The trip to Seabridge was long and rather tiresome, for the roads were dusty in some places and oily in others. Uncle Doctor and Lex took turns driving and Elizabeth Ann and Muffins rode with Cousin Nellie on the back seat. They stopped at hotels for two nights and they were all glad when they came in sight of the beautiful rolling ocean. Elizabeth Ann spoke for them all when she said, “Going to Cally was fun, because it was a new road; but coming home was just work because there wasn’t anything to surprise us.”

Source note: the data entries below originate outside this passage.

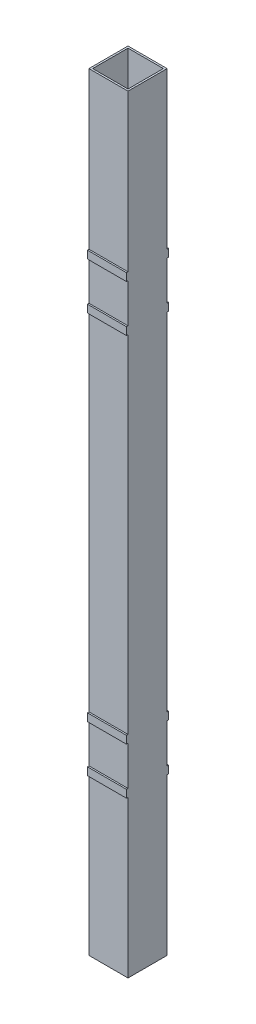
SolidWorks part; units mm, degrees
ref_plane "Alzado" through (0, 0, 0) normal (0, 0, 1) x (1, 0, 0)
ref_plane "Planta" through (0, 0, 0) normal (0, 1, 0) x (1, 0, 0)
ref_plane "Vista lateral" through (0, 0, 0) normal (1, 0, 0) x (0, 0, -1)
sketch "Sketch1" plane through (0, 0, 0) normal (0, 1, 0) x (1, 0, 0)
  line L0 (0, 0) -> (25.4, 0)
  line L1 (25.4, 0) -> (25.4, 25.4)
  line L2 (25.4, 25.4) -> (0, 25.4)
  line L3 (0, 25.4) -> (0, 0)
  line L4 (1.2, 24.2) -> (1.2, 1.2)
  line L5 (1.2, 1.2) -> (24.2, 1.2)
  line L6 (24.2, 1.2) -> (24.2, 24.2)
  line L7 (24.2, 24.2) -> (1.2, 24.2)
  dimension "D1" = 25.4
  dimension "D2" = 25.4
  dimension "D3" = 1.2
  dimension "D4" = 1.2
  dimension "D5" = 1.2
  dimension "D6" = 1.2
extrude "Boss-Extrude1" add sketch "Sketch1" along normal blind 499.2
sketch "Sketch3" plane through (0, 0, -25.4) normal (0, 0, -1) x (-1, 0, 0)
  line L0 (-25.4, 392.5) -> (0, 392.5)
  line L1 (-25.4, 499.2) -> (-25.4, 0) construction
  line L2 (0, 499.2) -> (0, 0) construction
  line L3 (0, 392.5) -> (0, 367.1)
  line L4 (0, 367.1) -> (-25.4, 367.1)
  line L5 (-25.4, 367.1) -> (-25.4, 392.5)
  line L6 (-25.4, 132.1) -> (0, 132.1)
  line L7 (0, 132.1) -> (0, 106.7)
  line L8 (0, 106.7) -> (-25.4, 106.7)
  line L9 (-25.4, 106.7) -> (-25.4, 132.1)
  line L11 (-25.4, 106.7) -> (-25.4, 101.7)
  line L12 (-25.4, 101.7) -> (0, 101.7)
  line L13 (0, 101.7) -> (0, 106.7)
  line L14 (-25.4, 132.1) -> (-25.4, 137.1)
  line L15 (-25.4, 137.1) -> (0, 137.1)
  line L16 (0, 137.1) -> (0, 132.1)
  line L17 (-25.4, 392.5) -> (-25.4, 397.5)
  line L18 (-25.4, 397.5) -> (0, 397.5)
  line L19 (0, 397.5) -> (0, 392.5)
  line L20 (0, 367.1) -> (0, 362.1)
  line L21 (0, 362.1) -> (-25.4, 362.1)
  line L22 (-25.4, 362.1) -> (-25.4, 367.1)
  line L23 (-25.4, 0) -> (0, 0) construction
  line M8 (0, 0) -> (0, 499.2)
  line M10 (-25.4, 499.2) -> (-25.4, 0)
  dimension "D1" = 25.4
  dimension "D2" = 25.4
  dimension "D3" = 235
  dimension "D4" = 101.7
  dimension "D5" = 5
  dimension "D6" = 5
  dimension "D7" = 5
  dimension "D8" = 5
extrude "Boss-Extrude2" add sketch "Sketch3" along normal blind 1 and the other way blind 26.4 contours L12 L8 M10 M8 | L15 L6 M10 M8 | L18 L0 M10 M8 | L21 L4 M8 M10

The Masons lived in a little brown house close to the beach, and they were everyone of them at the front door to welcome the travelers. Elizabeth Ann had to look twice at a little girl with a white face and two great dark eyes, before she saw that it was Doris.

“Oh my,” thought Elizabeth Ann to herself, kissing her favorite cousin, “Poor Doris must have been so sick!”